### Your task
Transcribe these records exactly, dropping every picture.

(Recorded data)
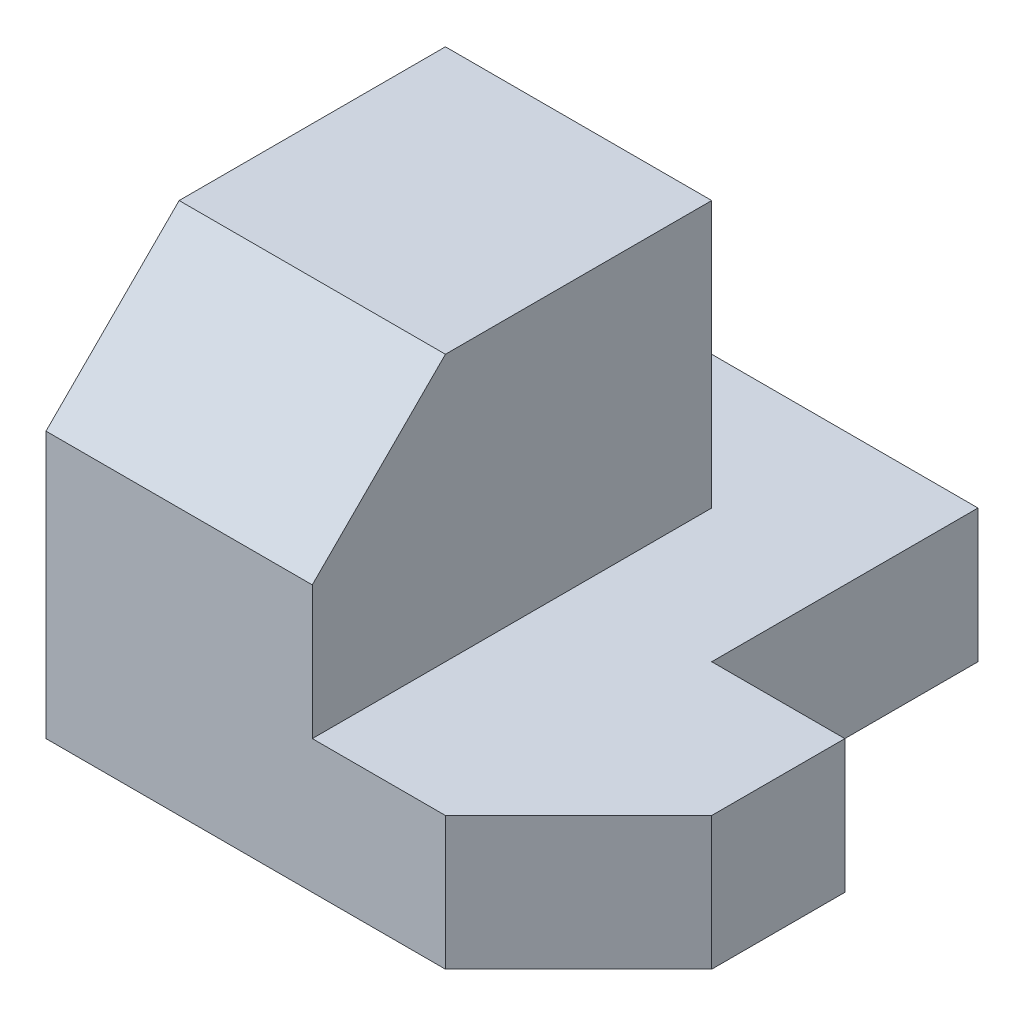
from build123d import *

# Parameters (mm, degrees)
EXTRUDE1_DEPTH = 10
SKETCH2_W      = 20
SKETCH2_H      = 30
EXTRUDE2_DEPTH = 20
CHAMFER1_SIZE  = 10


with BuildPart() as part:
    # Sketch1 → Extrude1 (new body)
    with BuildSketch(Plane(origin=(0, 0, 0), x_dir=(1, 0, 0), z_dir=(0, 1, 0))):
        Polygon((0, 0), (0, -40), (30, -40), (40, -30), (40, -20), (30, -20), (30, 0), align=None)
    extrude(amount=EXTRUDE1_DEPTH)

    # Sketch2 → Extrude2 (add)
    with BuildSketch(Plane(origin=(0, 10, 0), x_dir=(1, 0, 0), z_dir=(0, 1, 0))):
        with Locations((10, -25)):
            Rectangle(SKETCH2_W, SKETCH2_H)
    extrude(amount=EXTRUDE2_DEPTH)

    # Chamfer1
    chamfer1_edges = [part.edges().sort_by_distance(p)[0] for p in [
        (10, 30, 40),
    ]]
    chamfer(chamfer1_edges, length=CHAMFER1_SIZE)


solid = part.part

### Exercise response
from build123d import *

# Parameters (mm, degrees)
EXTRUDE1_DEPTH = 10
SKETCH2_W      = 20
SKETCH2_H      = 30
EXTRUDE2_DEPTH = 20
CHAMFER1_SIZE  = 10


with BuildPart() as part:
    # Sketch1 → Extrude1 (new body)
    with BuildSketch(Plane(origin=(0, 0, 0), x_dir=(1, 0, 0), z_dir=(0, 1, 0))):
        Polygon((0, 0), (0, -40), (30, -40), (40, -30), (40, -20), (30, -20), (30, 0), align=None)
    extrude(amount=EXTRUDE1_DEPTH)

    # Sketch2 → Extrude2 (add)
    with BuildSketch(Plane(origin=(0, 10, 0), x_dir=(1, 0, 0), z_dir=(0, 1, 0))):
        with Locations((10, -25)):
            Rectangle(SKETCH2_W, SKETCH2_H)
    extrude(amount=EXTRUDE2_DEPTH)

    # Chamfer1
    chamfer1_edges = [part.edges().sort_by_distance(p)[0] for p in [
        (10, 30, 40),
    ]]
    chamfer(chamfer1_edges, length=CHAMFER1_SIZE)


solid = part.part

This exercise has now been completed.